● **Action item**: Transcribe exactly the lines from the top of the records below through the line that holds "constraint vertical L9", both included, with no pictures.

Stored items from a collection:
+++++

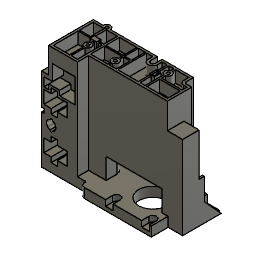
rightStepperBracket (Autodesk Fusion 360 design; units mm, degrees)
Autodesk Fusion 360 part; units mm, degrees
(part 1 of 3)
sketch "Sketch1" plane through (0, 0, 0) normal (0, 0, 1) x (1, 0, 0)
  line L0 (0, 0) -> (111.4, 0)
  line L1 (111.4, 0) -> (111.4, 93.5)
  line L2 (111.4, 93.5) -> (0, 93.5)
  line L3 (0, 93.5) -> (0, 0)
  line L4 (0, 71.5) -> (6, 71.5)
  line L5 (6, 71.5) -> (6, 93.5)
  line L6 (6, 93.5) -> (0, 93.5)
  line L7 (0, 93.5) -> (0, 71.5)
  line L8 (98.4, 93.5) -> (111.4, 93.5)
  line L9 (111.4, 93.5) -> (111.4, 71.5)
  line L10 (111.4, 71.5) -> (98.4, 71.5)
  line L11 (98.4, 71.5) -> (98.4, 93.5)
  line L12 (45.8, 8.3) -> (93.7, 8.3)
  line L13 (93.7, 8.3) -> (93.7, 26.1)
  line L14 (93.7, 26.1) -> (45.8, 26.1)
  line L15 (45.8, 26.1) -> (45.8, 8.3)
  line L16 (1.95, 58.65) -> (21.95, 58.65)
  line L17 (21.95, 58.65) -> (21.95, 47.65)
  line L18 (21.95, 47.65) -> (1.95, 47.65)
  line L19 (1.95, 47.65) -> (1.95, 58.65)
  line L20 (1.95, 22.7) -> (21.95, 22.7)
  line L21 (21.95, 22.7) -> (21.95, 11.7)
  line L22 (21.95, 11.7) -> (1.95, 11.7)
  line L23 (1.95, 11.7) -> (1.95, 22.7)
  point P0 (45.8, 17.2)
  point P1 (21.95, 17.2)
  dimension "d1" = 111.4
  dimension "d2" = 93.5
  dimension "d3" = 22
  dimension "d4" = 13
  dimension "d5" = 22
  dimension "d6" = 6
  dimension "d7" = 20
  dimension "d8" = 11
  dimension "d9" = 1.95
  dimension "d10" = 12.85
  dimension "d11" = 24.95
  dimension "d12" = 17.7
  dimension "d13" = 8.3
  dimension "d15" = 17.8
  dimension "d16" = 47.9
  constraint horizontal L0
  constraint vertical L1
  constraint horizontal L2
  constraint vertical L3
  constraint coincident L0.start L3.end
  constraint horizontal L4
  constraint vertical L5
  constraint horizontal L6
  constraint vertical L7
  constraint coincident L2 L5.end
  constraint coincident L3 L4.start
  constraint horizontal L8
  constraint vertical L9
  constraint horizontal L10
  constraint vertical L11
  constraint coincident L1 L9.end
  constraint coincident L2 L8.start
  constraint horizontal L12
  constraint vertical L13
  constraint horizontal L14
  constraint vertical L15
  constraint horizontal L16
  constraint vertical L17
  constraint horizontal L18
  constraint vertical L19
  constraint horizontal L20
  constraint vertical L21
  constraint horizontal L22
  constraint vertical L23
  constraint vertical L16.start L20.start
  constraint equal L16 L20
  constraint equal L17 L21
  constraint midpoint L15 P0
  constraint midpoint L21 P1
  constraint horizontal P0 P1
  measures "d1" distance of L0.start L0.end
  measures "d2" distance of L0.start L2.end
  measures "d3" distance of L8.start L10.end
  measures "d4" distance of L9.end L10.end
  measures "d5" distance of L4.end L5.end
  measures "d6" distance of L4.start L4.end
  measures "d7" distance of L16.start L16.end
  measures "d8" distance of L16.end L17.end
  measures "d9" distance of L3 L19
  measures "d10" distance of L4 L16
  measures "d11" distance of L18 L20
  measures "d12" distance of L1 L13
  measures "d13" distance of L0 L12
  measures "d15" distance of L12 L14
  measures "d16" distance of L13 L15
extrude "Extrude1" add sketch "Sketch1" along normal blind 42.8 contours L0 L1 L2 L3 L4 L5 L10 L11
sketch "Sketch2" plane through (0, 0, 42.8) normal (0, 0, 1) x (1, 0, 0)
  line L0 (21.95, 47.65) -> (1.95, 47.65)
  line L1 (1.95, 47.65) -> (1.95, 58.65)
  line L2 (1.95, 58.65) -> (21.95, 58.65)
  line L3 (21.95, 58.65) -> (21.95, 47.65)
  line L4 (45.8, 8.3) -> (45.8, 26.1)
  line L5 (45.8, 26.1) -> (93.7, 26.1)
  line L6 (93.7, 26.1) -> (93.7, 8.3)
  line L7 (93.7, 8.3) -> (45.8, 8.3)
  line L8 (21.95, 11.7) -> (1.95, 11.7)
  line L9 (1.95, 11.7) -> (1.95, 22.7)
  line L10 (1.95, 22.7) -> (21.95, 22.7)
  line L11 (21.95, 22.7) -> (21.95, 11.7)
  line L12 (0, 71.5) -> (0, 0)
  line L13 (0, 0) -> (111.4, 0)
  line L14 (111.4, 0) -> (111.4, 71.5)
  line L15 (111.4, 71.5) -> (98.4, 71.5)
  line L16 (98.4, 71.5) -> (98.4, 93.5)
  line L17 (98.4, 93.5) -> (6, 93.5)
  line L18 (6, 93.5) -> (6, 71.5)
  line L19 (6, 71.5) -> (0, 71.5)
  line L20 (30.75, 93.5) -> (111.4, 93.5)
  line L21 (111.4, 93.5) -> (111.4, 8.3)
  line L22 (111.4, 8.3) -> (30.75, 8.3)
  line L23 (30.75, 8.3) -> (30.75, 93.5)
  line L24 (38.2, 8.3) -> (99, 8.3)
  line L25 (99, 8.3) -> (99, 0)
  line L26 (99, 0) -> (38.2, 0)
  line L27 (38.2, 0) -> (38.2, 8.3)
  dimension "d19" = 30.75
  dimension "d23" = 12.4
  dimension "d24" = 60.8
  constraint horizontal L20
  constraint vertical L21
  constraint horizontal L22
  constraint vertical L23
  constraint coincident L14 L21.end
  constraint coincident L17 L20.start
  constraint collinear L7 L22
  constraint horizontal L24
  constraint vertical L25
  constraint horizontal L26
  constraint vertical L27
  constraint coincident L13 L25.end
  constraint coincident L22 L24.start
  measures "d19" distance of L12 L23
  measures "d23" distance of L14 L25
  measures "d24" distance of L25.end L26.end
extrude "Extrude2" cut sketch "Sketch2" against normal blind 9.5 contours L4 L5 L6 L14 L15 L16 L17 L20 L21 L22 L23 L24 | L13 L14 L22 L25
extrude "Extrude3" add sketch "Sketch2" along normal blind 5 contours L7 L13 L22 L24 L25 L26 L27
sketch "Sketch3" plane through (0, 0, 42.8) normal (0, 0, 1) x (1, 0, 0)
  line L0 (38.2, 0) -> (38.2, 8.3)
  line L1 (38.2, 8.3) -> (30.75, 8.3)
  line L2 (30.75, 8.3) -> (30.75, 93.5)
  line L3 (30.75, 93.5) -> (6, 93.5)
  line L4 (6, 93.5) -> (6, 71.5)
  line L5 (6, 71.5) -> (0, 71.5)
  line L6 (0, 71.5) -> (0, 0)
  line L7 (0, 0) -> (38.2, 0)
  line L8 (21.95, 47.65) -> (1.95, 47.65)
  line L9 (1.95, 47.65) -> (1.95, 58.65)
  line L10 (1.95, 58.65) -> (21.95, 58.65)
  line L11 (21.95, 58.65) -> (21.95, 47.65)
  line L12 (21.95, 11.7) -> (1.95, 11.7)
  line L13 (1.95, 11.7) -> (1.95, 22.7)
  line L14 (1.95, 22.7) -> (21.95, 22.7)
  line L15 (21.95, 22.7) -> (21.95, 11.7)
  line L16 (8.2, 58.65) -> (13.55, 58.65)
  line L17 (13.55, 58.65) -> (13.55, 62.9)
  line L18 (13.55, 62.9) -> (8.2, 62.9)
  line L19 (8.2, 62.9) -> (8.2, 58.65)
  line L20 (8.2, 47.65) -> (13.55, 47.65)
  line L21 (13.55, 47.65) -> (13.55, 43.4)
  line L22 (13.55, 43.4) -> (8.2, 43.4)
  line L23 (8.2, 43.4) -> (8.2, 47.65)
  line L24 (8.2, 22.7) -> (13.55, 22.7)
  line L25 (13.55, 22.7) -> (13.55, 26.95)
  line L26 (13.55, 26.95) -> (8.2, 26.95)
  line L27 (8.2, 26.95) -> (8.2, 22.7)
  line L28 (8.2, 11.7) -> (13.55, 11.7)
  line L29 (13.55, 11.7) -> (13.55, 7.45)
  line L30 (13.55, 7.45) -> (8.2, 7.45)
  line L31 (8.2, 7.45) -> (8.2, 11.7)
  circle A0 centre (8.25, 35.175) radius 4
  line L32 (21.95, 47.65) -> (21.95, 22.7) construction
  line L33 (9.3, 68.2) -> (2, 68.2)
  line L34 (2, 68.2) -> (2, 60.65)
  line L35 (2, 60.65) -> (6.2, 60.65)
  line L36 (6.2, 60.65) -> (6.2, 64.9)
  line L37 (6.2, 64.9) -> (15.55, 64.9)
  line L38 (28.75, 81.5) -> (9.3, 81.5)
  line L39 (9.3, 81.5) -> (9.3, 68.2)
  line L40 (28.75, 81.5) -> (28.75, 60.65)
  line L41 (28.75, 60.65) -> (15.55, 60.65)
  line L42 (15.55, 60.65) -> (15.55, 64.9)
  circle A1 centre (8.25, 31.175) radius 1
  circle A2 centre (8.25, 39.175) radius 1
  circle A3 centre (8.25, 35.175) radius 1.5
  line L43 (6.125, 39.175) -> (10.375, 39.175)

+++++

● **Response area**:
rightStepperBracket (Autodesk Fusion 360 design; units mm, degrees)
Autodesk Fusion 360 part; units mm, degrees
(part 1 of 3)
sketch "Sketch1" plane through (0, 0, 0) normal (0, 0, 1) x (1, 0, 0)
  line L0 (0, 0) -> (111.4, 0)
  line L1 (111.4, 0) -> (111.4, 93.5)
  line L2 (111.4, 93.5) -> (0, 93.5)
  line L3 (0, 93.5) -> (0, 0)
  line L4 (0, 71.5) -> (6, 71.5)
  line L5 (6, 71.5) -> (6, 93.5)
  line L6 (6, 93.5) -> (0, 93.5)
  line L7 (0, 93.5) -> (0, 71.5)
  line L8 (98.4, 93.5) -> (111.4, 93.5)
  line L9 (111.4, 93.5) -> (111.4, 71.5)
  line L10 (111.4, 71.5) -> (98.4, 71.5)
  line L11 (98.4, 71.5) -> (98.4, 93.5)
  line L12 (45.8, 8.3) -> (93.7, 8.3)
  line L13 (93.7, 8.3) -> (93.7, 26.1)
  line L14 (93.7, 26.1) -> (45.8, 26.1)
  line L15 (45.8, 26.1) -> (45.8, 8.3)
  line L16 (1.95, 58.65) -> (21.95, 58.65)
  line L17 (21.95, 58.65) -> (21.95, 47.65)
  line L18 (21.95, 47.65) -> (1.95, 47.65)
  line L19 (1.95, 47.65) -> (1.95, 58.65)
  line L20 (1.95, 22.7) -> (21.95, 22.7)
  line L21 (21.95, 22.7) -> (21.95, 11.7)
  line L22 (21.95, 11.7) -> (1.95, 11.7)
  line L23 (1.95, 11.7) -> (1.95, 22.7)
  point P0 (45.8, 17.2)
  point P1 (21.95, 17.2)
  dimension "d1" = 111.4
  dimension "d2" = 93.5
  dimension "d3" = 22
  dimension "d4" = 13
  dimension "d5" = 22
  dimension "d6" = 6
  dimension "d7" = 20
  dimension "d8" = 11
  dimension "d9" = 1.95
  dimension "d10" = 12.85
  dimension "d11" = 24.95
  dimension "d12" = 17.7
  dimension "d13" = 8.3
  dimension "d15" = 17.8
  dimension "d16" = 47.9
  constraint horizontal L0
  constraint vertical L1
  constraint horizontal L2
  constraint vertical L3
  constraint coincident L0.start L3.end
  constraint horizontal L4
  constraint vertical L5
  constraint horizontal L6
  constraint vertical L7
  constraint coincident L2 L5.end
  constraint coincident L3 L4.start
  constraint horizontal L8
  constraint vertical L9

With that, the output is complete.